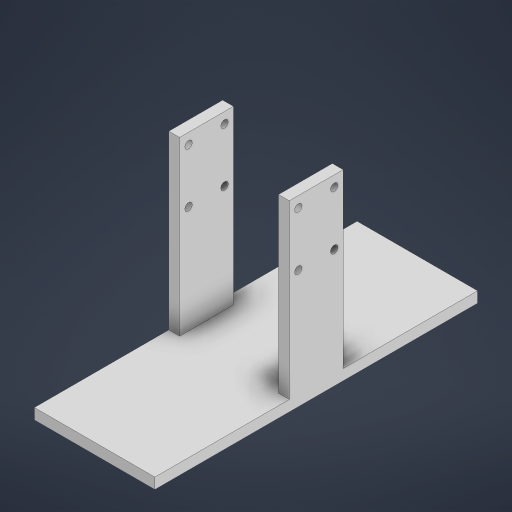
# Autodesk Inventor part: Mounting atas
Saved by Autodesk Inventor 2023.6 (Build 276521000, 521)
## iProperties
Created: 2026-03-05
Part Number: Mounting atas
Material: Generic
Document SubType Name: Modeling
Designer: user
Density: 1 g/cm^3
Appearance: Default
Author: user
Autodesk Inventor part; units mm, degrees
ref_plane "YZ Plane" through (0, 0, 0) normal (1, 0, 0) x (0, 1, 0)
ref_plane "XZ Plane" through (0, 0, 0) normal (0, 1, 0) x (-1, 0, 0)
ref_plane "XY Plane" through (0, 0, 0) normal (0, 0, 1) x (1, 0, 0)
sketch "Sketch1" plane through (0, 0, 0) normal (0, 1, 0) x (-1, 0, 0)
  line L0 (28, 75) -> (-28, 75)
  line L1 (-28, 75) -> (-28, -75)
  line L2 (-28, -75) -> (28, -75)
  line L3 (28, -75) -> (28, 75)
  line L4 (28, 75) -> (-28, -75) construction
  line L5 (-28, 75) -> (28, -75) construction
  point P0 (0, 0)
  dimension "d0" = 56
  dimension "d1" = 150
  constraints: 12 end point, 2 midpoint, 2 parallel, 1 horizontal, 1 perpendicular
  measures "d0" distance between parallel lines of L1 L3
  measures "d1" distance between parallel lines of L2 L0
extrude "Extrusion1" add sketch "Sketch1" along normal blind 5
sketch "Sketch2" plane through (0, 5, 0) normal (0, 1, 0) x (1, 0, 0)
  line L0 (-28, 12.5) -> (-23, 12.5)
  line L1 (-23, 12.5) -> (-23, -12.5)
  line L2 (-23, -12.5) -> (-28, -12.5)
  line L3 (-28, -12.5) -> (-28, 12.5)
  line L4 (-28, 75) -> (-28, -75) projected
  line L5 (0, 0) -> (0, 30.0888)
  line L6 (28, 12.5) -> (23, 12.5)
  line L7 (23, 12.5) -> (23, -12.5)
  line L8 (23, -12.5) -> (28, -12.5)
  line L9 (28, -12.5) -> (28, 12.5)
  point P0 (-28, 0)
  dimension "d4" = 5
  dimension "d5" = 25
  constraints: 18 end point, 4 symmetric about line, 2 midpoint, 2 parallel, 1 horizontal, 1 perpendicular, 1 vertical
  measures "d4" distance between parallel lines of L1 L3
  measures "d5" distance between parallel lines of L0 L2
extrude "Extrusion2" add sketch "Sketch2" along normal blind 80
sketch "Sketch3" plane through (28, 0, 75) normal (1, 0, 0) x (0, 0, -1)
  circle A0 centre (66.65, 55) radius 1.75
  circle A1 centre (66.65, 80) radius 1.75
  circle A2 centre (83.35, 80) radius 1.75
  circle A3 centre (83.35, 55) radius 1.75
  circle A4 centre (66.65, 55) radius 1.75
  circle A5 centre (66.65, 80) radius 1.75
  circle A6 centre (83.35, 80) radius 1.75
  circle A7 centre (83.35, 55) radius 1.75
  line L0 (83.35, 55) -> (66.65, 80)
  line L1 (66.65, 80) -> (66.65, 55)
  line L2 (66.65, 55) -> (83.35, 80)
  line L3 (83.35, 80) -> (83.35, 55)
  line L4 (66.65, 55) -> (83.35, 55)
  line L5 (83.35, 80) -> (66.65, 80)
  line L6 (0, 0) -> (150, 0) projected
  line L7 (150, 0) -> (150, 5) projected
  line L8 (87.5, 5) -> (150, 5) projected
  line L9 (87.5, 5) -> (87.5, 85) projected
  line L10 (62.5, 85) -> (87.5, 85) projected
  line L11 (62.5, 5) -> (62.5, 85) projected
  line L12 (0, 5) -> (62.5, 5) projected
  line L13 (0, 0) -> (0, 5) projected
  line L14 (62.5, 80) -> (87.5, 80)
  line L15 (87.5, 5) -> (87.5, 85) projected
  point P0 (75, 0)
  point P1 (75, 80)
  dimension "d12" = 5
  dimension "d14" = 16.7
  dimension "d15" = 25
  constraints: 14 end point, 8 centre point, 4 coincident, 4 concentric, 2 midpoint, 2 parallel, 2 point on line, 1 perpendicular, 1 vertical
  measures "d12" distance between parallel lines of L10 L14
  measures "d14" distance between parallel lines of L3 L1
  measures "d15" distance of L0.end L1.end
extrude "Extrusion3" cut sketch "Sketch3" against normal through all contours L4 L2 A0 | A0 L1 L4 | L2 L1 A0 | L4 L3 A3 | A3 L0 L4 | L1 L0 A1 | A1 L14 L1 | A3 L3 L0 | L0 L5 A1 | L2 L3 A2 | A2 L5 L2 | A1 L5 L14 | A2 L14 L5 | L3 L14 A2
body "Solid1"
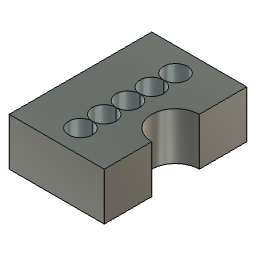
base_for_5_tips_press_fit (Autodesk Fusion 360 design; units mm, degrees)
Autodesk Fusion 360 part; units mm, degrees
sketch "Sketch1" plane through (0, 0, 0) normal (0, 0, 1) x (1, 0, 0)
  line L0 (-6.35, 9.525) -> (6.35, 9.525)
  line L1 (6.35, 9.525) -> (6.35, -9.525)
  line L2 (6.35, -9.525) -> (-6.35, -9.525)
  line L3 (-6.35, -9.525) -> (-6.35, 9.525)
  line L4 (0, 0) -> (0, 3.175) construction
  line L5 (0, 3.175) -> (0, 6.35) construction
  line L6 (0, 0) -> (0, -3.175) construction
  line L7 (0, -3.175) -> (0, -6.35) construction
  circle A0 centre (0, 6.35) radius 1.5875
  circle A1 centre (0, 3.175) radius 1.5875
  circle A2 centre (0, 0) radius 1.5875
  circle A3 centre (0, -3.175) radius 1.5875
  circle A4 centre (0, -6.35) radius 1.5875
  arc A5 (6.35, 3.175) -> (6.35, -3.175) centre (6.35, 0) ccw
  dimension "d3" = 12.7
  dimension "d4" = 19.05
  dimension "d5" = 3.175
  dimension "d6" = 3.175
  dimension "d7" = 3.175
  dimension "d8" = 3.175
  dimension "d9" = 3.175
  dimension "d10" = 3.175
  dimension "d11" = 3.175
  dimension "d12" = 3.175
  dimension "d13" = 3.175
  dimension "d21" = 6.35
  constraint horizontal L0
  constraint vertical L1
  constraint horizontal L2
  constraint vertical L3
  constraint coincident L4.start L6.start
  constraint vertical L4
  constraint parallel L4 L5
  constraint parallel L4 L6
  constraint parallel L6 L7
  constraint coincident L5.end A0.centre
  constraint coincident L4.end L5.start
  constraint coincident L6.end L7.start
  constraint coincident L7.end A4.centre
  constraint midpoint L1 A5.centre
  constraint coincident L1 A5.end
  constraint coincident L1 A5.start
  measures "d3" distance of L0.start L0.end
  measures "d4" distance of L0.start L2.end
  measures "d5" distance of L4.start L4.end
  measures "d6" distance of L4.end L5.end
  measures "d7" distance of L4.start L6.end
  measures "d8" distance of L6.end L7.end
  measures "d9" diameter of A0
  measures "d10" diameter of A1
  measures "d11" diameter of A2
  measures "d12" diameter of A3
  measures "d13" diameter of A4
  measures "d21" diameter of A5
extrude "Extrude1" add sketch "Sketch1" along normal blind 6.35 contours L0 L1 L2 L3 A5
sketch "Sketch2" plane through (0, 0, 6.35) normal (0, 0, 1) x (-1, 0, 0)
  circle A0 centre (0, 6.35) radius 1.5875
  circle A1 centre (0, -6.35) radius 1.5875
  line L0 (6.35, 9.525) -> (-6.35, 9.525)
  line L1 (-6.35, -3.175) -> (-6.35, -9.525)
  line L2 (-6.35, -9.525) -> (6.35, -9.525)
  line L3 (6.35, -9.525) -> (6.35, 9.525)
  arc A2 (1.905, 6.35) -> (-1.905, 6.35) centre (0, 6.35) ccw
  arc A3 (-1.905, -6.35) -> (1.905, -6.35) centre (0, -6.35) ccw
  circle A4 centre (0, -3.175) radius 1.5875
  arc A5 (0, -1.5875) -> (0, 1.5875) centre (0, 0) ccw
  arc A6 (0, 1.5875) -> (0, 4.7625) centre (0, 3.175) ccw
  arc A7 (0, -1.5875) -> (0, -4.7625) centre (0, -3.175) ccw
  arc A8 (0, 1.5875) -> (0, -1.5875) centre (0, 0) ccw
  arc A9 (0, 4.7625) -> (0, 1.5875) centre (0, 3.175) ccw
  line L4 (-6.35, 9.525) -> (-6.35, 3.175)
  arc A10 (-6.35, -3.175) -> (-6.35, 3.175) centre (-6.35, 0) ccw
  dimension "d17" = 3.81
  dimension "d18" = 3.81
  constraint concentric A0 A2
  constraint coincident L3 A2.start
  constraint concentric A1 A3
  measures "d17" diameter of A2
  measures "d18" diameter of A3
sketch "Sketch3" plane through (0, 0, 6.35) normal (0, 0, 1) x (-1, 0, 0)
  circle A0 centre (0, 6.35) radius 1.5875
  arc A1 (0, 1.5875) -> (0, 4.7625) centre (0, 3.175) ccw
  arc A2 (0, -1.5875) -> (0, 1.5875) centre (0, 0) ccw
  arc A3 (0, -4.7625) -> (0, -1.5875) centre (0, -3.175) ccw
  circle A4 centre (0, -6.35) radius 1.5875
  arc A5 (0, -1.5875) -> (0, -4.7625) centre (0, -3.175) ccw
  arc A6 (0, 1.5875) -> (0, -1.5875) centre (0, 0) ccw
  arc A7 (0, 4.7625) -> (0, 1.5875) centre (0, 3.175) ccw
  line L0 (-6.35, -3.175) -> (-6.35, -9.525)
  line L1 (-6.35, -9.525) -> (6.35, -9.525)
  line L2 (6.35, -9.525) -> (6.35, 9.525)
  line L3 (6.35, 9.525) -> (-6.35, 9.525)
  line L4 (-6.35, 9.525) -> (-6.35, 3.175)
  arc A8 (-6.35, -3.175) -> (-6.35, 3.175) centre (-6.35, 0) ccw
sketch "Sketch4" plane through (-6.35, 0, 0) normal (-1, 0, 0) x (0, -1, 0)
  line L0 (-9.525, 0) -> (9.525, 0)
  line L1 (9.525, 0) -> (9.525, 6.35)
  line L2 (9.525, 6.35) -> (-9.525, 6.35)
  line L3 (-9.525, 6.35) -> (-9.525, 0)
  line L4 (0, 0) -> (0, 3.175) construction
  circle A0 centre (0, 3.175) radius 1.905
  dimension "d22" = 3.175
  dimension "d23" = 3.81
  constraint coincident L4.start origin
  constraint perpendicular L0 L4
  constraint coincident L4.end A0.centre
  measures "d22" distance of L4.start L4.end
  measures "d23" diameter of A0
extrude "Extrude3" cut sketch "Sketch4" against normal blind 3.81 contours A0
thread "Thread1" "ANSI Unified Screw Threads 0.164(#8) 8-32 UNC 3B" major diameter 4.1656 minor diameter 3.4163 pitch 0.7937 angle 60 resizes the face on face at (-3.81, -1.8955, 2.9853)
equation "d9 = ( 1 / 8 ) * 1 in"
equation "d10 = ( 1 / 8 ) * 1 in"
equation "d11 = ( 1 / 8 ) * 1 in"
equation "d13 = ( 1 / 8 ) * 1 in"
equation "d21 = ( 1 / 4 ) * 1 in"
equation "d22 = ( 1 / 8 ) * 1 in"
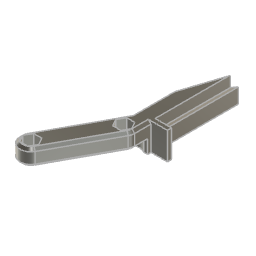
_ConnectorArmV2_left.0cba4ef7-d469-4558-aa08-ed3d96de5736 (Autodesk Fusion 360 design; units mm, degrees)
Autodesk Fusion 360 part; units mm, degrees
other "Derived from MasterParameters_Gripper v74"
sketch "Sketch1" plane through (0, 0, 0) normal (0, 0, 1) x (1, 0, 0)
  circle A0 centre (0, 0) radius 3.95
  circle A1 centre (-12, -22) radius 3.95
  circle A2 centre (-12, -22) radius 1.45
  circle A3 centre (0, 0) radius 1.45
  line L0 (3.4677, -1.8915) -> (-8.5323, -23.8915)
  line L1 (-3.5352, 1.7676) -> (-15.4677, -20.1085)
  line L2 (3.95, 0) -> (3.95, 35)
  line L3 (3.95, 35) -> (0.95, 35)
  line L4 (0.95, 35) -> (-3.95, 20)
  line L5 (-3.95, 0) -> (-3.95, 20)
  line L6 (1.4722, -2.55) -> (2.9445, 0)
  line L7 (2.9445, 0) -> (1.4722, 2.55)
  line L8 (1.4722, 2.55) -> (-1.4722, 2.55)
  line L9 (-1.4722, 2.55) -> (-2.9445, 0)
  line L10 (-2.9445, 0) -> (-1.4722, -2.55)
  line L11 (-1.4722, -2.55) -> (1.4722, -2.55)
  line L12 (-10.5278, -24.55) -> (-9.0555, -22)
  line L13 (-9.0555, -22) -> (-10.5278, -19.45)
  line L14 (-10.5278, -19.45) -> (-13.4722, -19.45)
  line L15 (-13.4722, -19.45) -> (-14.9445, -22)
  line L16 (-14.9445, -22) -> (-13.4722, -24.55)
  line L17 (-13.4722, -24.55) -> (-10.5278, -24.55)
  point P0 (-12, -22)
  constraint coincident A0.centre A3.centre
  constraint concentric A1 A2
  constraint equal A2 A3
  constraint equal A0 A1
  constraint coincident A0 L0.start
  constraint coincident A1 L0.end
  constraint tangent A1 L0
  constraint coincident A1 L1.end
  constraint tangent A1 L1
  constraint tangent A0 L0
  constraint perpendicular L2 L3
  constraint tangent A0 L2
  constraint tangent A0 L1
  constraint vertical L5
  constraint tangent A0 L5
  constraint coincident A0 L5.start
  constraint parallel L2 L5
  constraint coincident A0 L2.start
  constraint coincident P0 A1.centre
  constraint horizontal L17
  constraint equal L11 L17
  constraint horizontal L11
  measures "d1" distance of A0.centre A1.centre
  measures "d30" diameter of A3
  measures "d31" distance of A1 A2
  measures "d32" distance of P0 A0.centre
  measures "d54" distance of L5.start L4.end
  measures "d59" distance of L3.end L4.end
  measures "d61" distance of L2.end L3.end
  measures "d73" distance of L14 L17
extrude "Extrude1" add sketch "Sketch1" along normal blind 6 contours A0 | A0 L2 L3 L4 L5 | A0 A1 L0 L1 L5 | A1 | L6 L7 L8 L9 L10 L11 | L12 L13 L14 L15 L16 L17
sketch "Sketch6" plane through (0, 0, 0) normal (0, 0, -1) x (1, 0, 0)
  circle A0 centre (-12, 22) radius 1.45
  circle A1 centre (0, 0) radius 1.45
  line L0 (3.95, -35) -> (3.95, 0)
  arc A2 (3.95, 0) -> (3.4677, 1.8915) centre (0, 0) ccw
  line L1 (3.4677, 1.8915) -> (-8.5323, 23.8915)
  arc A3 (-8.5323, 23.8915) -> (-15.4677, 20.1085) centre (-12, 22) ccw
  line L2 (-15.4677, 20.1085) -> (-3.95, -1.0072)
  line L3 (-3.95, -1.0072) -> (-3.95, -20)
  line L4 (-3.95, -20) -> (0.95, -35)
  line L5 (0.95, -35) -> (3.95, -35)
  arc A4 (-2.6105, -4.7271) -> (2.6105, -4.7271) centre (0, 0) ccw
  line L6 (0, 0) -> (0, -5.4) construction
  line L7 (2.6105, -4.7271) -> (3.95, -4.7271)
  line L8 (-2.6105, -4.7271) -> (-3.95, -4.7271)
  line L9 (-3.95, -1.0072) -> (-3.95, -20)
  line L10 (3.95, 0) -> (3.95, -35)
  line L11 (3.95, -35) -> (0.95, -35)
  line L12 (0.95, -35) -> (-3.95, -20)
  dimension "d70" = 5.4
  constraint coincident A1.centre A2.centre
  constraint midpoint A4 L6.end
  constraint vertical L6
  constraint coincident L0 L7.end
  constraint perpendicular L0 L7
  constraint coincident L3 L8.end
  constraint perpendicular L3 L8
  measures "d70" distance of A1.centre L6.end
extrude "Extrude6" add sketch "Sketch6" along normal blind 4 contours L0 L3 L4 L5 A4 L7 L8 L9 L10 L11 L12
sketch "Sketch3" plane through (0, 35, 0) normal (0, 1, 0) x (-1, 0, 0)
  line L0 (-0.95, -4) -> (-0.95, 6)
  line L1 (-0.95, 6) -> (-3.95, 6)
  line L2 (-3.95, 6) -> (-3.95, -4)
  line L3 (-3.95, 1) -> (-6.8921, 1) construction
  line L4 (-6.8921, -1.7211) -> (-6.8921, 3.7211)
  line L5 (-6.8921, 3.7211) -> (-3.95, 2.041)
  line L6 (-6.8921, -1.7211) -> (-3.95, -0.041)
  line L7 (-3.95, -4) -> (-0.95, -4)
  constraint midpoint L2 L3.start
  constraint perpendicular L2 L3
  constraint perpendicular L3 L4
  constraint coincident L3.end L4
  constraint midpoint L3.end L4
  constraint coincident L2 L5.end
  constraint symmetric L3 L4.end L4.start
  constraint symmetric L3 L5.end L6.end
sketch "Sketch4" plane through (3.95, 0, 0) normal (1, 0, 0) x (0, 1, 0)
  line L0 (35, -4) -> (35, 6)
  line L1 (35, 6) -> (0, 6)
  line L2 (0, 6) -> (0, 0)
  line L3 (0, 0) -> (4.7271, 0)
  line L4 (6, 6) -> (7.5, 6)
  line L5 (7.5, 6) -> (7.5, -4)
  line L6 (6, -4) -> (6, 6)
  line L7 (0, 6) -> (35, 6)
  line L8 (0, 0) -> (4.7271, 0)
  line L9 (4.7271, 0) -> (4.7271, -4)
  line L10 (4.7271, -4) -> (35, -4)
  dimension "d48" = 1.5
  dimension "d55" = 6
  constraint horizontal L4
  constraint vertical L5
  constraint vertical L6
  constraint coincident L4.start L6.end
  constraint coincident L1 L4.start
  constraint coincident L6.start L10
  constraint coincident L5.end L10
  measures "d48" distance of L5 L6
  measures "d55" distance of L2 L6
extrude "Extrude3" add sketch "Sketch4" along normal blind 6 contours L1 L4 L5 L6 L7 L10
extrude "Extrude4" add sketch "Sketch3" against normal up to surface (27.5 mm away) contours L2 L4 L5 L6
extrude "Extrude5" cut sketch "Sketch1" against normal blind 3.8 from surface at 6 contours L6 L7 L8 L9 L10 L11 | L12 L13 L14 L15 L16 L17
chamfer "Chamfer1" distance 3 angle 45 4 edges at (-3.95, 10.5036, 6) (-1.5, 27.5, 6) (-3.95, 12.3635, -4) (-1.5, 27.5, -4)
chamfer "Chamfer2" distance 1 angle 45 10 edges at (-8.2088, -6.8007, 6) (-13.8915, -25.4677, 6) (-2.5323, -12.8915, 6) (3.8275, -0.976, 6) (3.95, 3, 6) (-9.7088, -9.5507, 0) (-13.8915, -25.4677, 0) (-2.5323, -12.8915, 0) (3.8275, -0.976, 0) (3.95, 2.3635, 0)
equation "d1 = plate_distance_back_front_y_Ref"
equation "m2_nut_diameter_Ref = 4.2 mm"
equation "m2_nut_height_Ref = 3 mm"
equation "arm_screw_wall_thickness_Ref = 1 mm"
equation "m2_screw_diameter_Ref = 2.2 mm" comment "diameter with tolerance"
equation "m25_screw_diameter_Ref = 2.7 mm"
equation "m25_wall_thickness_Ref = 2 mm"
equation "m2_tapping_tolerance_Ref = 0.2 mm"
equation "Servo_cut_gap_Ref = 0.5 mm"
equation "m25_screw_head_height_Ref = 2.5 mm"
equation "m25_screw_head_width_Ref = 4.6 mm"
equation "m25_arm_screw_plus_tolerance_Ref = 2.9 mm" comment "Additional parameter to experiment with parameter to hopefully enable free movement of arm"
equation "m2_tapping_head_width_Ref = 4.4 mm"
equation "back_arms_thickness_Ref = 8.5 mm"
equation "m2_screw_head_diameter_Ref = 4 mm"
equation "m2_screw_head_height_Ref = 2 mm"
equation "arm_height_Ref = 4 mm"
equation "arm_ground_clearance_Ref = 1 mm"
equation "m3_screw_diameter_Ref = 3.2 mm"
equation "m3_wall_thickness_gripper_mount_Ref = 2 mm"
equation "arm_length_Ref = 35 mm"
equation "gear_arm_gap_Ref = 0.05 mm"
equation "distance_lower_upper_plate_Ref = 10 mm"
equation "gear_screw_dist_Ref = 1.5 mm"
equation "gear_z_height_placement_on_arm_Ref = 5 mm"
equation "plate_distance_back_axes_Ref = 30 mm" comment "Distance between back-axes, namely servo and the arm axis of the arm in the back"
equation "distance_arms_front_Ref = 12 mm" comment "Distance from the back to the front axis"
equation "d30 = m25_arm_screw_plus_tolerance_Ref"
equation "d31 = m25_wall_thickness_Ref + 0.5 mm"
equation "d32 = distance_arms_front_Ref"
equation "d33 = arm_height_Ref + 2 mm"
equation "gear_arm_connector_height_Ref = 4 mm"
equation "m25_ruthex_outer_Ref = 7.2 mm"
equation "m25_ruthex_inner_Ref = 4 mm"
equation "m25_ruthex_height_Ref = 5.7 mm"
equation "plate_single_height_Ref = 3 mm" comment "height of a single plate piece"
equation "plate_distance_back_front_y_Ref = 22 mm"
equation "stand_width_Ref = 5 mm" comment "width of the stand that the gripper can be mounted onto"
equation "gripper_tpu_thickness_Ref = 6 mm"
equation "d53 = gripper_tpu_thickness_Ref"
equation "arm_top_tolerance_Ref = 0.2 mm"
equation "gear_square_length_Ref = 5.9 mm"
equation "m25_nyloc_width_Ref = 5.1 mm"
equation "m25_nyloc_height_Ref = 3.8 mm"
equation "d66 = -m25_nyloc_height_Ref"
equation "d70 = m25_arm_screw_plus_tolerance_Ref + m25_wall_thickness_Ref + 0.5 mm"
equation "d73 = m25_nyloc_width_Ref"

◆ **Exercise requirements**
Reproduce the records exactly, starting with their first line and ending with the line that contains "circle A6 centre (83.35, 80) radius 1.75", though pictures should be dropped.

◆ **Result of this task**
# Autodesk Inventor part: Mounting atas
Saved by Autodesk Inventor 2023.6 (Build 276521000, 521)
## iProperties
Created: 2026-03-05
Part Number: Mounting atas
Material: Generic
Document SubType Name: Modeling
Designer: user
Density: 1 g/cm^3
Appearance: Default
Author: user
Autodesk Inventor part; units mm, degrees
ref_plane "YZ Plane" through (0, 0, 0) normal (1, 0, 0) x (0, 1, 0)
ref_plane "XZ Plane" through (0, 0, 0) normal (0, 1, 0) x (-1, 0, 0)
ref_plane "XY Plane" through (0, 0, 0) normal (0, 0, 1) x (1, 0, 0)
sketch "Sketch1" plane through (0, 0, 0) normal (0, 1, 0) x (-1, 0, 0)
  line L0 (28, 75) -> (-28, 75)
  line L1 (-28, 75) -> (-28, -75)
  line L2 (-28, -75) -> (28, -75)
  line L3 (28, -75) -> (28, 75)
  line L4 (28, 75) -> (-28, -75) construction
  line L5 (-28, 75) -> (28, -75) construction
  point P0 (0, 0)
  dimension "d0" = 56
  dimension "d1" = 150
  constraints: 12 end point, 2 midpoint, 2 parallel, 1 horizontal, 1 perpendicular
  measures "d0" distance between parallel lines of L1 L3
  measures "d1" distance between parallel lines of L2 L0
extrude "Extrusion1" add sketch "Sketch1" along normal blind 5
sketch "Sketch2" plane through (0, 5, 0) normal (0, 1, 0) x (1, 0, 0)
  line L0 (-28, 12.5) -> (-23, 12.5)
  line L1 (-23, 12.5) -> (-23, -12.5)
  line L2 (-23, -12.5) -> (-28, -12.5)
  line L3 (-28, -12.5) -> (-28, 12.5)
  line L4 (-28, 75) -> (-28, -75) projected
  line L5 (0, 0) -> (0, 30.0888)
  line L6 (28, 12.5) -> (23, 12.5)
  line L7 (23, 12.5) -> (23, -12.5)
  line L8 (23, -12.5) -> (28, -12.5)
  line L9 (28, -12.5) -> (28, 12.5)
  point P0 (-28, 0)
  dimension "d4" = 5
  dimension "d5" = 25
  constraints: 18 end point, 4 symmetric about line, 2 midpoint, 2 parallel, 1 horizontal, 1 perpendicular, 1 vertical
  measures "d4" distance between parallel lines of L1 L3
  measures "d5" distance between parallel lines of L0 L2
extrude "Extrusion2" add sketch "Sketch2" along normal blind 80
sketch "Sketch3" plane through (28, 0, 75) normal (1, 0, 0) x (0, 0, -1)
  circle A0 centre (66.65, 55) radius 1.75
  circle A1 centre (66.65, 80) radius 1.75
  circle A2 centre (83.35, 80) radius 1.75
  circle A3 centre (83.35, 55) radius 1.75
  circle A4 centre (66.65, 55) radius 1.75
  circle A5 centre (66.65, 80) radius 1.75
  circle A6 centre (83.35, 80) radius 1.75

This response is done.